- [Task description]: Lines outside the range are not wanted. Give again exactly the lines between the line holding "In10/1 -> Gain12/1" and the line holding "Direct Lookup Table (n-D)5/1 -> Mux3/5", inclusive, from the listing below.

═══ Material for this exercise

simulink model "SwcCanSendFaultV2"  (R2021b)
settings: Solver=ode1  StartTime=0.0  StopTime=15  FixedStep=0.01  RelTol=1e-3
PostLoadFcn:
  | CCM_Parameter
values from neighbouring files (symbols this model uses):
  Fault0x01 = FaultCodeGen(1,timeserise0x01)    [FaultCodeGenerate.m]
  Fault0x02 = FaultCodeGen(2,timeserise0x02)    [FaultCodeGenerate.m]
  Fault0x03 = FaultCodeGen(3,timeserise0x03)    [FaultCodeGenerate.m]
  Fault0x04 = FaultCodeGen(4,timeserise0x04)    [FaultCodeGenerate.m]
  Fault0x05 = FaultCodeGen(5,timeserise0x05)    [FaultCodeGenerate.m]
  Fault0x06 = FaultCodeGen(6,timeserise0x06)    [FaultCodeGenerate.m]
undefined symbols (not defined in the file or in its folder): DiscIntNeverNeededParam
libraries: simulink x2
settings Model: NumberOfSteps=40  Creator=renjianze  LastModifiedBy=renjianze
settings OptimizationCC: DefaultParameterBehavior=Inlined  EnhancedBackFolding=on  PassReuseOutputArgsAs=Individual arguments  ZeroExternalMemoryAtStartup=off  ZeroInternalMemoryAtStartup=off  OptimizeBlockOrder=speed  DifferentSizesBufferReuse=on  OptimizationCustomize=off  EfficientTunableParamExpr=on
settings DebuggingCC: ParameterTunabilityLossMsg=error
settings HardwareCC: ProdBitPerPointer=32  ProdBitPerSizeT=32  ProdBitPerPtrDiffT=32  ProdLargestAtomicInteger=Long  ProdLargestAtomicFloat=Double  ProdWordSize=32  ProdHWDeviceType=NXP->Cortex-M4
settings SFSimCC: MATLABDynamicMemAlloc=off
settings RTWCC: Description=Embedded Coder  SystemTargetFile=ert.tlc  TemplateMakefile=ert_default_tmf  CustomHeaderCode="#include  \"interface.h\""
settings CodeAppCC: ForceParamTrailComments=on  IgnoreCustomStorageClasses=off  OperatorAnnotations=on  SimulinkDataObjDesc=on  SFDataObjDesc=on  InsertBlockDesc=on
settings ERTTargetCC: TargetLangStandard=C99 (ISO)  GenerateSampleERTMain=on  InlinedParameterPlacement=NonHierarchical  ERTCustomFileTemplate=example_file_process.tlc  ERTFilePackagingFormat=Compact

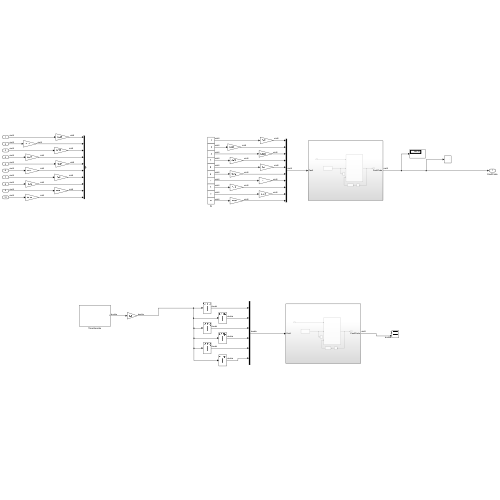
[thumbnail: Simulink's stored preview of the top-level diagram]
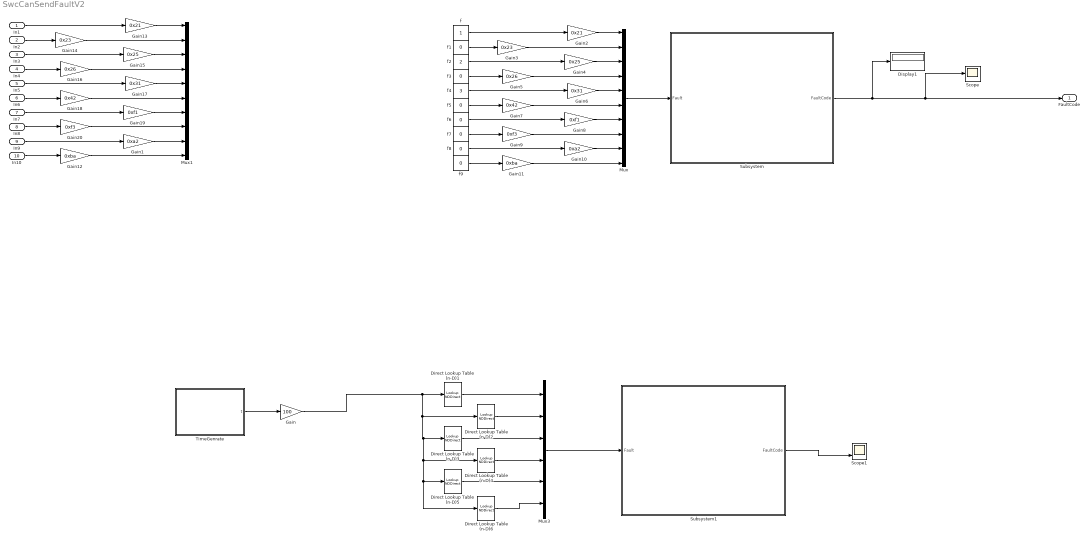
== system SwcCanSendFaultV2 ==
  In1 : Inport
  In2 : Inport  Port=2
  In3 : Inport  Port=3
  In4 : Inport  Port=4
  In5 : Inport  Port=5
  In6 : Inport  Port=6
  In7 : Inport  Port=7
  In8 : Inport  Port=8
  In9 : Inport  Port=9
  In10 : Inport  Port=10
  Direct Lookup Table (n-D)1 : LookupNDDirect  NumberOfTableDimensions=1  Table=Fault0x01
  Direct Lookup Table (n-D)2 : LookupNDDirect  NumberOfTableDimensions=1  Table=Fault0x02
  Direct Lookup Table (n-D)3 : LookupNDDirect  NumberOfTableDimensions=1  Table=Fault0x03
  Direct Lookup Table (n-D)4 : LookupNDDirect  NumberOfTableDimensions=1  Table=Fault0x04
  Direct Lookup Table (n-D)5 : LookupNDDirect  NumberOfTableDimensions=1  Table=Fault0x05
  Direct Lookup Table (n-D)6 : LookupNDDirect  NumberOfTableDimensions=1  Table=Fault0x06
  Display1 : Display
      settings: Format=hex (Stored Integer)
  Gain : Gain  Gain=100
  Gain1 : Gain  Gain=0xa2  ParamDataTypeStr=uint8  OutDataTypeStr=uint8
  Gain10 : Gain  Gain=0xa2  ParamDataTypeStr=uint8  OutDataTypeStr=uint8
  Gain11 : Gain  Gain=0xba  ParamDataTypeStr=uint8  OutDataTypeStr=uint8
  Gain12 : Gain  Gain=0xba  ParamDataTypeStr=uint8  OutDataTypeStr=uint8
  Gain13 : Gain  Gain=0x21  ParamDataTypeStr=uint8  OutDataTypeStr=uint8
  Gain14 : Gain  Gain=0x23  ParamDataTypeStr=uint8  OutDataTypeStr=uint8
  Gain15 : Gain  Gain=0x25  ParamDataTypeStr=uint8  OutDataTypeStr=uint8
  Gain16 : Gain  Gain=0x26  ParamDataTypeStr=uint8  OutDataTypeStr=uint8
  Gain17 : Gain  Gain=0x31  ParamDataTypeStr=uint8  OutDataTypeStr=uint8
  Gain18 : Gain  Gain=0x42  ParamDataTypeStr=uint8  OutDataTypeStr=uint8
  Gain19 : Gain  Gain=0xf1  ParamDataTypeStr=uint8  OutDataTypeStr=uint8
  Gain2 : Gain  Gain=0x21  ParamDataTypeStr=uint8  OutDataTypeStr=uint8
  Gain20 : Gain  Gain=0xf3  ParamDataTypeStr=uint8  OutDataTypeStr=uint8
  Gain3 : Gain  Gain=0x23  ParamDataTypeStr=uint8  OutDataTypeStr=uint8
  Gain4 : Gain  Gain=0x25  ParamDataTypeStr=uint8  OutDataTypeStr=uint8
  Gain5 : Gain  Gain=0x26  ParamDataTypeStr=uint8  OutDataTypeStr=uint8
  Gain6 : Gain  Gain=0x31  ParamDataTypeStr=uint8  OutDataTypeStr=uint8
  Gain7 : Gain  Gain=0x42  ParamDataTypeStr=uint8  OutDataTypeStr=uint8
  Gain8 : Gain  Gain=0xf1  ParamDataTypeStr=uint8  OutDataTypeStr=uint8
  Gain9 : Gain  Gain=0xf3  ParamDataTypeStr=uint8  OutDataTypeStr=uint8
  Mux : Mux  Inputs=[1,1,1,1,1,1,1,1,1,1]
  Mux1 : Mux  Inputs=[1,1,1,1,1,1,1,1,1,1]
  Mux3 : Mux  Inputs=[1,1,1,1,1,1]
  Scope : Scope
  Scope1 : Scope  NumInputPorts=2
  Subsystem : Subsystem
  Subsystem1 : Subsystem
  TimeGenrate : Subsystem
  f : Constant  OutDataTypeStr=uint8
  f{1,3,5..9} (7 alike) : Constant  Value=0  OutDataTypeStr=uint8
  f2 : Constant  Value=2  OutDataTypeStr=uint8
  f4 : Constant  Value=3  OutDataTypeStr=uint8
  FaultCode : Outport
  wires:
  Gain2/1 -> Mux/1
  f/1 -> Gain2/1
  f1/1 -> Gain3/1
  Gain3/1 -> Mux/2
  Gain4/1 -> Mux/3
  f2/1 -> Gain4/1
  f3/1 -> Gain5/1
  Gain5/1 -> Mux/4
  Gain6/1 -> Mux/5
  f4/1 -> Gain6/1
  Gain8/1 -> Mux/7
  f6/1 -> Gain8/1
  f5/1 -> Gain7/1
  Gain7/1 -> Mux/6
  f7/1 -> Gain9/1
  Gain9/1 -> Mux/8
  Gain10/1 -> Mux/9
  f8/1 -> Gain10/1
  f9/1 -> Gain11/1
  Gain11/1 -> Mux/10
  Gain12/1 -> Mux1/10
  In10/1 -> Gain12/1
  Gain19/1 -> Mux1/7
  Gain1/1 -> Mux1/9
  Gain14/1 -> Mux1/2
  Gain17/1 -> Mux1/5
  In1/1 -> Gain13/1
  Gain20/1 -> Mux1/8
  In9/1 -> Gain1/1
  In8/1 -> Gain20/1
  In7/1 -> Gain19/1
  Gain15/1 -> Mux1/3
  In4/1 -> Gain16/1
  In2/1 -> Gain14/1
  In5/1 -> Gain17/1
  Gain18/1 -> Mux1/6
  Gain16/1 -> Mux1/4
  In3/1 -> Gain15/1
  Gain13/1 -> Mux1/1
  In6/1 -> Gain18/1
  Subsystem/1(FaultCode) -> Scope/1, FaultCode/1, Display1/1
  Mux/1 -> Subsystem/1(Fault)
  Mux3/1 -> Subsystem1/1(Fault)
  TimeGenrate/1(t) -> Gain/1
  Gain/1 -> Direct Lookup Table (n-D)2/1, Direct Lookup Table (n-D)6/1, Direct Lookup Table (n-D)5/1, Direct Lookup Table (n-D)4/1, Direct Lookup Table (n-D)3/1, Direct Lookup Table (n-D)1/1
  Direct Lookup Table (n-D)1/1 -> Mux3/1
  Direct Lookup Table (n-D)2/1 -> Mux3/2
  Direct Lookup Table (n-D)3/1 -> Mux3/3
  Direct Lookup Table (n-D)4/1 -> Mux3/4
  Direct Lookup Table (n-D)5/1 -> Mux3/5
  Direct Lookup Table (n-D)6/1 -> Mux3/6
  Subsystem1/1(FaultCode) -> Scope1/2

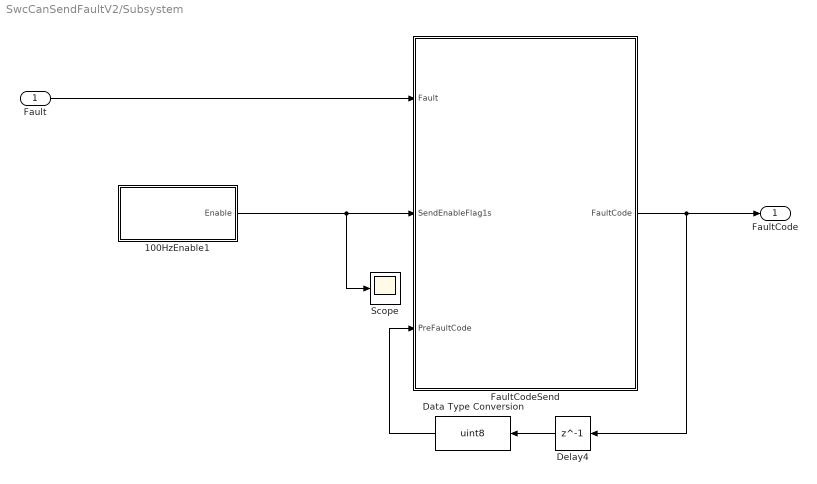
== system SwcCanSendFaultV2/Subsystem ==
  Fault : Inport
  100HzEnable1 : Subsystem  mask{fre=100, EnableTime=1}
      mask prompts: fre "采样频率(Hz)"; EnableTime "使能时间(s)"
  Data Type Conversion : DataTypeConversion  OutDataTypeStr=uint8
  Delay4 : Delay  DelayLength=1
  FaultCodeSend : MATLAB Function  TreatAsAtomicUnit=on
  Scope : Scope
  FaultCode : Outport
  wires:
  100HzEnable1/1(Enable) -> FaultCodeSend/2(SendEnableFlag1s), Scope/1
  Delay4/1 -> Data Type Conversion/1
  FaultCodeSend/1(FaultCode) -> Delay4/1, FaultCode/1
  Fault/1 -> FaultCodeSend/1(Fault)
  Data Type Conversion/1 -> FaultCodeSend/3(PreFaultCode)

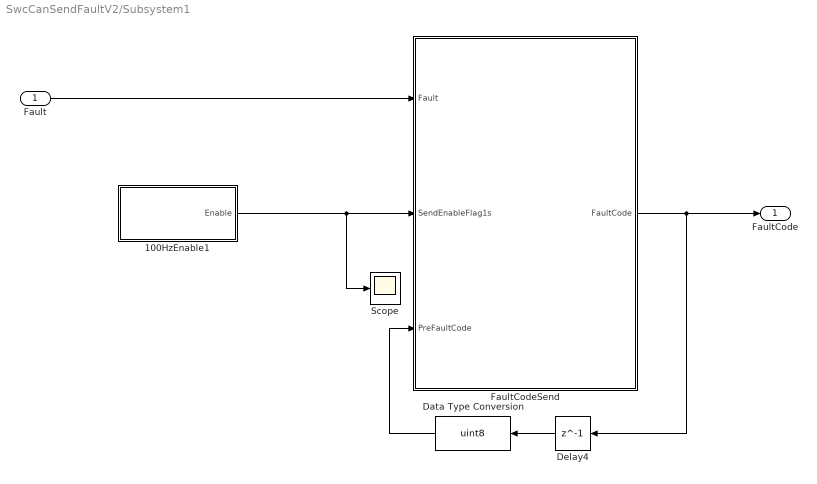
== system SwcCanSendFaultV2/Subsystem1 ==
  Fault : Inport
  100HzEnable1 : Subsystem  mask{fre=100, EnableTime=1}
      mask prompts: fre "采样频率(Hz)"; EnableTime "使能时间(s)"
  Data Type Conversion : DataTypeConversion  OutDataTypeStr=uint8
  Delay4 : Delay  DelayLength=1
  FaultCodeSend : MATLAB Function  TreatAsAtomicUnit=on
  Scope : Scope
  FaultCode : Outport
  wires:
  100HzEnable1/1(Enable) -> FaultCodeSend/2(SendEnableFlag1s), Scope/1
  Delay4/1 -> Data Type Conversion/1
  FaultCodeSend/1(FaultCode) -> Delay4/1, FaultCode/1
  Fault/1 -> FaultCodeSend/1(Fault)
  Data Type Conversion/1 -> FaultCodeSend/3(PreFaultCode)

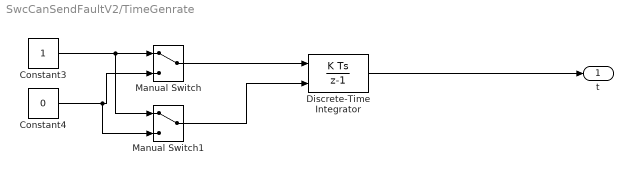
== system SwcCanSendFaultV2/TimeGenrate ==
  Constant3 : Constant
  Constant4 : Constant  Value=0
  Discrete-Time Integrator : DiscreteIntegrator  ExternalReset=either  SampleTime=-1  ICPrevOutput=DiscIntNeverNeededParam  ICPrevScaledInput=DiscIntNeverNeededParam
  Manual Switch : ManualSwitch
  Manual Switch1 : ManualSwitch
  t : Outport
  wires:
  Constant3/1 -> Manual Switch1/1, Manual Switch/1
  Constant4/1 -> Manual Switch1/2, Manual Switch/2
  Manual Switch1/1 -> Discrete-Time Integrator/2
  Discrete-Time Integrator/1 -> t/1
  Manual Switch/1 -> Discrete-Time Integrator/1

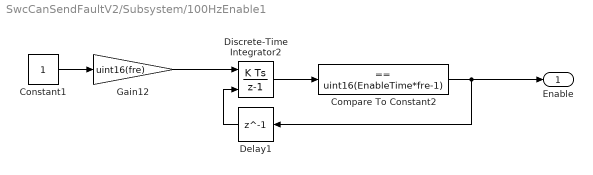
== system SwcCanSendFaultV2/Subsystem/100HzEnable1 ==
  Compare To Constant2 : simulink/Logic and Bit Operations/Compare To Constant  relop===  const=uint16(EnableTime*fre-1)  OutDataTypeStr=boolean
  Constant1 : Constant
  Delay1 : Delay  DelayLength=1
  Discrete-Time Integrator2 : DiscreteIntegrator  ExternalReset=rising  SampleTime=-1  ICPrevOutput=DiscIntNeverNeededParam  ICPrevScaledInput=DiscIntNeverNeededParam
  Gain12 : Gain  Gain=uint16(fre)
  Enable : Outport
  wires:
  Delay1/1 -> Discrete-Time Integrator2/2
  Compare To Constant2/1 -> Delay1/1, Enable/1
  Discrete-Time Integrator2/1 -> Compare To Constant2/1
  Constant1/1 -> Gain12/1
  Gain12/1 -> Discrete-Time Integrator2/1

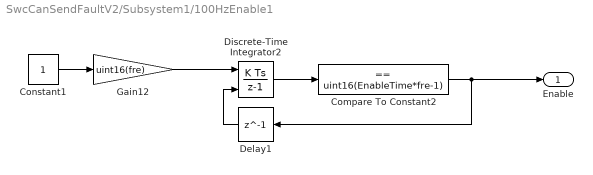
== system SwcCanSendFaultV2/Subsystem1/100HzEnable1 ==
  Compare To Constant2 : simulink/Logic and Bit Operations/Compare To Constant  relop===  const=uint16(EnableTime*fre-1)  OutDataTypeStr=boolean
  Constant1 : Constant
  Delay1 : Delay  DelayLength=1
  Discrete-Time Integrator2 : DiscreteIntegrator  ExternalReset=rising  SampleTime=-1  ICPrevOutput=DiscIntNeverNeededParam  ICPrevScaledInput=DiscIntNeverNeededParam
  Gain12 : Gain  Gain=uint16(fre)
  Enable : Outport
  wires:
  Delay1/1 -> Discrete-Time Integrator2/2
  Compare To Constant2/1 -> Delay1/1, Enable/1
  Discrete-Time Integrator2/1 -> Compare To Constant2/1
  Constant1/1 -> Gain12/1
  Gain12/1 -> Discrete-Time Integrator2/1

== matlab function SwcCanSendFaultV2/Subsystem1/FaultCodeSend ==
  data: Fault input; FaultCode output; SendEnableFlag1s input; PreFaultCode input
function FaultCode = fcn(Fault,SendEnableFlag1s,PreFaultCode)

%% 赋初值
persistent Temp               %% 错误缓存区
persistent cannum             %% 错误发送位
persistent WriteEnableFlag    %% 清除错误码

    if isempty(cannum)
        cannum = 0;
    end

    if isempty(WriteEnableFlag)
        WriteEnableFlag = zeros(length(Fault),1);
    end

%% 更新缓存区
     if isempty(Temp)
         Temp = Fault; % 
     else
       for i = 1:length(Fault)
           if Fault(i) > Temp(i)    %假设错误只有1和0
               Temp(i) = Fault(i);
           elseif   WriteEnableFlag(i) == 1
               Temp(i) = Fault(i);
               WriteEnableFlag(i) =0;
           end
       end
     end
  
%% 确认发送的错误
if SendEnableFlag1s == 1
    if all(Temp == 0)
            FaultCode = uint8(0);
    else
            for i = 1:length(Temp)
                %=============================
                    cannum = cannum + 1;
                    if cannum > length(Temp)
                        cannum = 1;
                    end
                    if Temp(cannum) ~= 0
                        FaultCode = uint8(Temp(cannum));
                        WriteEnableFlag(cannum) = 1;
                        break
                    else               
                        FaultCode = uint8(0);
                    end
            end 
                %=============================
    end
else
    FaultCode = uint8(PreFaultCode);
end
validateattributes(FaultCode, {'uint8'}, {}); 

end

== matlab function SwcCanSendFaultV2/Subsystem/FaultCodeSend ==
  data: Fault input; FaultCode output; SendEnableFlag1s input; PreFaultCode input
function FaultCode = fcn(Fault,SendEnableFlag1s,PreFaultCode)

%% 赋初值
persistent Temp               %% 错误缓存区
persistent cannum             %% 错误发送位
persistent WriteEnableFlag    %% 清除错误码

    if isempty(cannum)
        cannum = 0;
    end

    if isempty(WriteEnableFlag)
        WriteEnableFlag = zeros(length(Fault),1);
    end

%% 更新缓存区
     if isempty(Temp)
         Temp = Fault; % 
     else
       for i = 1:length(Fault)
           if Fault(i) > Temp(i)    %假设错误只有1和0
               Temp(i) = Fault(i);
           elseif   WriteEnableFlag(i) == 1
               Temp(i) = Fault(i);
               WriteEnableFlag(i) =0;
           end
       end
     end
  
%% 确认发送的错误
if SendEnableFlag1s == 1
    if all(Temp == 0)
            FaultCode = uint8(0);
    else
            for i = 1:length(Temp)
                %=============================
                    cannum = cannum + 1;
                    if cannum > length(Temp)
                        cannum = 1;
                    end
                    if Temp(cannum) ~= 0
                        FaultCode = uint8(Temp(cannum));
                        WriteEnableFlag(cannum) = 1;
                        break
                    else               
                        FaultCode = uint8(0);
                    end
            end 
                %=============================
    end
else
    FaultCode = uint8(PreFaultCode);
end
validateattributes(FaultCode, {'uint8'}, {}); 

end

══════

- [Reply]:
  In10/1 -> Gain12/1
  Gain19/1 -> Mux1/7
  Gain1/1 -> Mux1/9
  Gain14/1 -> Mux1/2
  Gain17/1 -> Mux1/5
  In1/1 -> Gain13/1
  Gain20/1 -> Mux1/8
  In9/1 -> Gain1/1
  In8/1 -> Gain20/1
  In7/1 -> Gain19/1
  Gain15/1 -> Mux1/3
  In4/1 -> Gain16/1
  In2/1 -> Gain14/1
  In5/1 -> Gain17/1
  Gain18/1 -> Mux1/6
  Gain16/1 -> Mux1/4
  In3/1 -> Gain15/1
  Gain13/1 -> Mux1/1
  In6/1 -> Gain18/1
  Subsystem/1(FaultCode) -> Scope/1, FaultCode/1, Display1/1
  Mux/1 -> Subsystem/1(Fault)
  Mux3/1 -> Subsystem1/1(Fault)
  TimeGenrate/1(t) -> Gain/1
  Gain/1 -> Direct Lookup Table (n-D)2/1, Direct Lookup Table (n-D)6/1, Direct Lookup Table (n-D)5/1, Direct Lookup Table (n-D)4/1, Direct Lookup Table (n-D)3/1, Direct Lookup Table (n-D)1/1
  Direct Lookup Table (n-D)1/1 -> Mux3/1
  Direct Lookup Table (n-D)2/1 -> Mux3/2
  Direct Lookup Table (n-D)3/1 -> Mux3/3
  Direct Lookup Table (n-D)4/1 -> Mux3/4
  Direct Lookup Table (n-D)5/1 -> Mux3/5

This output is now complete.